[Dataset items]
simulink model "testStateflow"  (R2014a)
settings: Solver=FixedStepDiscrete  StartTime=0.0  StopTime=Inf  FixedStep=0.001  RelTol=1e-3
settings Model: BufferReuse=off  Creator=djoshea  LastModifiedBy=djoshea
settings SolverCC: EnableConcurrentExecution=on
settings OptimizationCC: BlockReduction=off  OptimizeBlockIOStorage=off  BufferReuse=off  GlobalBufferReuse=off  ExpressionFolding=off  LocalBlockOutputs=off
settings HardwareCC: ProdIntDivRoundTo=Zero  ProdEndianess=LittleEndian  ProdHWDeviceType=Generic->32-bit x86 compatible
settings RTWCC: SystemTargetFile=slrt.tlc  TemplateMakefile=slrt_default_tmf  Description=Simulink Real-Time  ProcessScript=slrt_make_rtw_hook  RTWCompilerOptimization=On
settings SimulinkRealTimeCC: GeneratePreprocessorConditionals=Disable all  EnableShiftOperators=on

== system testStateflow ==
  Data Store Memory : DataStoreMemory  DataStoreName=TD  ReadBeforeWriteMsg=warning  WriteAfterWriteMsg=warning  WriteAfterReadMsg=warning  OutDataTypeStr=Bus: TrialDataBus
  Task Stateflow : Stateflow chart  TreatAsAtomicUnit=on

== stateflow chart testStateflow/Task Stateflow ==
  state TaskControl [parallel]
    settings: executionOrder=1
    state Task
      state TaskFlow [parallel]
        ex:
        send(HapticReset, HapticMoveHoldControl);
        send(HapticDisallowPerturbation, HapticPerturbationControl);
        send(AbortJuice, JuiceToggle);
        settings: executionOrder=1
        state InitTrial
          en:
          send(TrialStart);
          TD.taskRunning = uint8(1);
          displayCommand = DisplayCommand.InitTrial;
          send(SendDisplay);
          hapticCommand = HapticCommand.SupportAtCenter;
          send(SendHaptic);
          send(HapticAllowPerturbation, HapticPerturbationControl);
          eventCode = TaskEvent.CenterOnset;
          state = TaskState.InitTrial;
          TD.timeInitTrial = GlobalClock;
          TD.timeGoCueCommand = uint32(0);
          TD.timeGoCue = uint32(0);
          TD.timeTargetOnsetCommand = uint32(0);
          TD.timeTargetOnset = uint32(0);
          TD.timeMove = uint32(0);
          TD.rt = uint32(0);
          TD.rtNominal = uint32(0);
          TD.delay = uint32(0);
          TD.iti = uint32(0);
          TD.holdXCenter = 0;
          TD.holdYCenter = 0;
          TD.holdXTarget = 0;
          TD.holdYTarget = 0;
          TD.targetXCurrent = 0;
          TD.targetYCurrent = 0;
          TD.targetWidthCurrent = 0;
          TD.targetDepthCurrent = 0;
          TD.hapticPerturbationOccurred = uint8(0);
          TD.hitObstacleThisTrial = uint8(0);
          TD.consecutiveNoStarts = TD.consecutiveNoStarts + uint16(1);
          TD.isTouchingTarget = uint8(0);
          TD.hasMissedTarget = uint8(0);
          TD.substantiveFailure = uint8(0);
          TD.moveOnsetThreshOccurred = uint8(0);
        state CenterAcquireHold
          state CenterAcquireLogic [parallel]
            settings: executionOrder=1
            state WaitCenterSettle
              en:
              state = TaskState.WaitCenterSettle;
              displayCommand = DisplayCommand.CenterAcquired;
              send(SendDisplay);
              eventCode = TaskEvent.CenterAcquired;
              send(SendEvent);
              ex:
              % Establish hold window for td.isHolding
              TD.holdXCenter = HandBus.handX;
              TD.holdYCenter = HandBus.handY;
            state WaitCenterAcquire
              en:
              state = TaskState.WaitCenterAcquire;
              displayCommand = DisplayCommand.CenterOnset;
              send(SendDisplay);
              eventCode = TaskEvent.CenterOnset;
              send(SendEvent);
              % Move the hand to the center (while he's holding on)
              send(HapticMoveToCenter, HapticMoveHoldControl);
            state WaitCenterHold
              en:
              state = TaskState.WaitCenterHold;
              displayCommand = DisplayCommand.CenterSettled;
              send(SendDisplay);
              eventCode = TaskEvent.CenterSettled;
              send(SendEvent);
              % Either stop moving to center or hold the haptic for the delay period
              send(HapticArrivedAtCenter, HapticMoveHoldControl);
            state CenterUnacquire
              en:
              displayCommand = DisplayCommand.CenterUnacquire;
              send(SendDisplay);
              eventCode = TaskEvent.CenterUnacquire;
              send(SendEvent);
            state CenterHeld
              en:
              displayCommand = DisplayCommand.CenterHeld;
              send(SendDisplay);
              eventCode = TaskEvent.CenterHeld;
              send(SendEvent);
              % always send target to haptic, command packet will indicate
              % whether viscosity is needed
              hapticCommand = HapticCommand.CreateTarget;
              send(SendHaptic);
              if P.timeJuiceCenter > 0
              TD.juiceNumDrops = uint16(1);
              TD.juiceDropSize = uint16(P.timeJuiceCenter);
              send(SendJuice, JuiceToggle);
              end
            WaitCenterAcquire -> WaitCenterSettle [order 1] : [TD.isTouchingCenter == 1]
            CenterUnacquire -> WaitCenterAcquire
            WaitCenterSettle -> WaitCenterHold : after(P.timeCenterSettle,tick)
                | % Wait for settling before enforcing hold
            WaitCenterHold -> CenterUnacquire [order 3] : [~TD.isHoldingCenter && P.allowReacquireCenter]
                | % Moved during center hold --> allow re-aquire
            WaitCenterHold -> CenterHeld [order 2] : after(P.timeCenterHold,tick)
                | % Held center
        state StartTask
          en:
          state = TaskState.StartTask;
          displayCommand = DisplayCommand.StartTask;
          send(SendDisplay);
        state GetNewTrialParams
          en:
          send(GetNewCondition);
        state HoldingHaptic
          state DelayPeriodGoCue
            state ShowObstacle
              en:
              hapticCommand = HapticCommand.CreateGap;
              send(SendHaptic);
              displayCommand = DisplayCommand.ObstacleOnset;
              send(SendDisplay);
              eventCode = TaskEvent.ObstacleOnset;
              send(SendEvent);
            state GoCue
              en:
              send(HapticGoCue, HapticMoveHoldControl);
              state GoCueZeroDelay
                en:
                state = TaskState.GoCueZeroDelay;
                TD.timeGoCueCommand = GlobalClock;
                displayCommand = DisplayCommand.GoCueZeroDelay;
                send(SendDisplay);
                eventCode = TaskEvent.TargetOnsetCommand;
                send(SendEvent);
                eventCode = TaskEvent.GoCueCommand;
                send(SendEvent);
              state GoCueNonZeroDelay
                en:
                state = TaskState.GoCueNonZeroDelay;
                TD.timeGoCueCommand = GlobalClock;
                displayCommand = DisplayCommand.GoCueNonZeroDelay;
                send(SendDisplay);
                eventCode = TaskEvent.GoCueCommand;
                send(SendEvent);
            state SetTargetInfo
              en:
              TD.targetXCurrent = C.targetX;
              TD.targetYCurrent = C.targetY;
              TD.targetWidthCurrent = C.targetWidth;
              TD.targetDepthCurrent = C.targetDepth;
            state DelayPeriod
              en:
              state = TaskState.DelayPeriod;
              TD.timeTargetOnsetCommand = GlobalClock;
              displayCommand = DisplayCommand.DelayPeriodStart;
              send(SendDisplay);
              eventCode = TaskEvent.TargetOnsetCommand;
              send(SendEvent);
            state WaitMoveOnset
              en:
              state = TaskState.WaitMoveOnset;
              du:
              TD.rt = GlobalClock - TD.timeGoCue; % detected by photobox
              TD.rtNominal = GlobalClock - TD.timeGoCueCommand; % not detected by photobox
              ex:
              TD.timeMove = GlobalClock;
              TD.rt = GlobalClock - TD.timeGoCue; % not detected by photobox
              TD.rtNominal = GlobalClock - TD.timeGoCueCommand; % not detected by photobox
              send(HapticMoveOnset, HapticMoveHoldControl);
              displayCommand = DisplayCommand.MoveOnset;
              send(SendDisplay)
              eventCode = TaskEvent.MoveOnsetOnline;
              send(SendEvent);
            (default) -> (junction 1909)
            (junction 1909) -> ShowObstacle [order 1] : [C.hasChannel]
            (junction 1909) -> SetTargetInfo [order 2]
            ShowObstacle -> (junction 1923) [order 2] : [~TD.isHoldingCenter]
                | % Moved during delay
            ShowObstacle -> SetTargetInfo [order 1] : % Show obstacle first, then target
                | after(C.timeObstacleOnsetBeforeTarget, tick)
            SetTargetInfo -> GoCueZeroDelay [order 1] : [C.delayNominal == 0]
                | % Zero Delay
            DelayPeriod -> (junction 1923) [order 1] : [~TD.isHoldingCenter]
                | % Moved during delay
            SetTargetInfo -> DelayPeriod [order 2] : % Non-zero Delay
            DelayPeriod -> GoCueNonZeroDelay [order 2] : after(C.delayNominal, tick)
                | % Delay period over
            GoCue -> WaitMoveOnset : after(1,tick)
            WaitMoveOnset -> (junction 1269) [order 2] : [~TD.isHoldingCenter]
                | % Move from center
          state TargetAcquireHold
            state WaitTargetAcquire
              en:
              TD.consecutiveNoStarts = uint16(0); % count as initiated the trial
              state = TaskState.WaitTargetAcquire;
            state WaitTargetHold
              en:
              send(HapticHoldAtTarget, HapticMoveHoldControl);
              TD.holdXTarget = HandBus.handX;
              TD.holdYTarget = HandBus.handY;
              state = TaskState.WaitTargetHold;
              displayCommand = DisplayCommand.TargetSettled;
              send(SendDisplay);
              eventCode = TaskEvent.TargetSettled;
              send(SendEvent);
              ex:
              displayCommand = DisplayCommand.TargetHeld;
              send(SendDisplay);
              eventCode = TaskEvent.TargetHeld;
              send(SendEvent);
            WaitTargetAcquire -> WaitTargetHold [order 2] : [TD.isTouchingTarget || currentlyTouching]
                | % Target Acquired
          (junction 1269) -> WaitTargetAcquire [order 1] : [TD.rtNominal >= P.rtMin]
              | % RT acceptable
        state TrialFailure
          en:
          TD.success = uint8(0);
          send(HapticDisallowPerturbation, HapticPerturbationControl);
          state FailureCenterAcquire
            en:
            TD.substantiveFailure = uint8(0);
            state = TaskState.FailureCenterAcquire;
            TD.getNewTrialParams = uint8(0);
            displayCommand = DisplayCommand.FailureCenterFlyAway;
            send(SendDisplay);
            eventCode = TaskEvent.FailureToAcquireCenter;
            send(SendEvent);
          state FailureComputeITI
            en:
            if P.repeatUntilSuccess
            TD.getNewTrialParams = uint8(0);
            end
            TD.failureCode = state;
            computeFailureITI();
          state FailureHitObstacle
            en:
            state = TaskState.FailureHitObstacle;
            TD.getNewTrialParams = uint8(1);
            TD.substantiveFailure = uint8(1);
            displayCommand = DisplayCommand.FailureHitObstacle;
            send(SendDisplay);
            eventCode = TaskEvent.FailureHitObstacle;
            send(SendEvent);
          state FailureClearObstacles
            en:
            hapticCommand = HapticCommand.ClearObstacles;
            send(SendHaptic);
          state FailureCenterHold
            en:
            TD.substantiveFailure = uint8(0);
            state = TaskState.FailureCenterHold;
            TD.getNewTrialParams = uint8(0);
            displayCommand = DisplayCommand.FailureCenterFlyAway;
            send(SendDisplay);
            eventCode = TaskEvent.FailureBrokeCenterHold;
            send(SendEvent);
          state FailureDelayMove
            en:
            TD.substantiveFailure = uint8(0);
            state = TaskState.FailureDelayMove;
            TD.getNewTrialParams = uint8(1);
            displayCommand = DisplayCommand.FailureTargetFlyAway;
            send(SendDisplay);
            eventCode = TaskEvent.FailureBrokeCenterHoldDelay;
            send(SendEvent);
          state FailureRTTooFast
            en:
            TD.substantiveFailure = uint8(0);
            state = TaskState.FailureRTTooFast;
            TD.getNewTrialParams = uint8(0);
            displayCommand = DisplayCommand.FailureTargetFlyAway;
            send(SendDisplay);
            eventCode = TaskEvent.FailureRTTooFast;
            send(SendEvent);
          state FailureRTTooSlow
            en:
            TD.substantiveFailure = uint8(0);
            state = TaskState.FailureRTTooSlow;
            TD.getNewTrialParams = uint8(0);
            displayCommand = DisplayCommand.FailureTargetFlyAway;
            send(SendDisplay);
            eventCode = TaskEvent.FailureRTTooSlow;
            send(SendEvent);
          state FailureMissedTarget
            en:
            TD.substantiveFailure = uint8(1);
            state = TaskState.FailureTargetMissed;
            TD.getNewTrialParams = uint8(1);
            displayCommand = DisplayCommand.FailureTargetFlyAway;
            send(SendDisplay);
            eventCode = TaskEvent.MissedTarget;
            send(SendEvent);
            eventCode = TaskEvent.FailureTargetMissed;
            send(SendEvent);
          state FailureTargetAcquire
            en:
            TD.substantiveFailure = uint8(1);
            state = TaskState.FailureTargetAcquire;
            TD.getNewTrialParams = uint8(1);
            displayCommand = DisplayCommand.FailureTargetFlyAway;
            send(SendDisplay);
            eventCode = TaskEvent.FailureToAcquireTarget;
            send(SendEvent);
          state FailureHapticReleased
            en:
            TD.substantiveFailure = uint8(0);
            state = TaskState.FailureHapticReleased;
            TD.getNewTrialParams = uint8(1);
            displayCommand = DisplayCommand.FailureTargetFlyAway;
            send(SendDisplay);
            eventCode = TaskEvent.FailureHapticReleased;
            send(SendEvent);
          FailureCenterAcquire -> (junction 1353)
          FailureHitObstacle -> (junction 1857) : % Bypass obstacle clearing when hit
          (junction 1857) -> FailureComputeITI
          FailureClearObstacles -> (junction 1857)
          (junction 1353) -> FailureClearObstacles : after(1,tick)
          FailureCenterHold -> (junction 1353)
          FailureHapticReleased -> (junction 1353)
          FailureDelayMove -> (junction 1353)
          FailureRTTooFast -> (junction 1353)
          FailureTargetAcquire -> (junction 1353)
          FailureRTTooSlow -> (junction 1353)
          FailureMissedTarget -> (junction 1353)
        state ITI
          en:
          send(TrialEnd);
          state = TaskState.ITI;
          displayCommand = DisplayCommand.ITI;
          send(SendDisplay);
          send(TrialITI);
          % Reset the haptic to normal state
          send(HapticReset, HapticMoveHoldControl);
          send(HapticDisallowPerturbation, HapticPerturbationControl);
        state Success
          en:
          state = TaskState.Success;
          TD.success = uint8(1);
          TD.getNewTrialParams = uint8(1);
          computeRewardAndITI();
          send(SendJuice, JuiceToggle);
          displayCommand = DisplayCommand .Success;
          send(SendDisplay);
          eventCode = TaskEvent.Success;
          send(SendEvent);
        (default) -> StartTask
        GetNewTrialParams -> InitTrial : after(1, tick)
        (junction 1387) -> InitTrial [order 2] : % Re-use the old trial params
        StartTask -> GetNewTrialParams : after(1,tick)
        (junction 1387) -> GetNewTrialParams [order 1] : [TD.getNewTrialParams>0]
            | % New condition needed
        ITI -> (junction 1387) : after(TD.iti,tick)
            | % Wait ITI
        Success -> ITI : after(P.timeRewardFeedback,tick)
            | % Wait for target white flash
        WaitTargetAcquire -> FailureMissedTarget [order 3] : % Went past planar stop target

__Required work__
What is wanted is every line from the first line of the entries through the line that contains "settings OptimizationCC: BlockReduction=off", given again exactly.

__Result__
simulink model "testStateflow"  (R2014a)
settings: Solver=FixedStepDiscrete  StartTime=0.0  StopTime=Inf  FixedStep=0.001  RelTol=1e-3
settings Model: BufferReuse=off  Creator=djoshea  LastModifiedBy=djoshea
settings SolverCC: EnableConcurrentExecution=on
settings OptimizationCC: BlockReduction=off  OptimizeBlockIOStorage=off  BufferReuse=off  GlobalBufferReuse=off  ExpressionFolding=off  LocalBlockOutputs=off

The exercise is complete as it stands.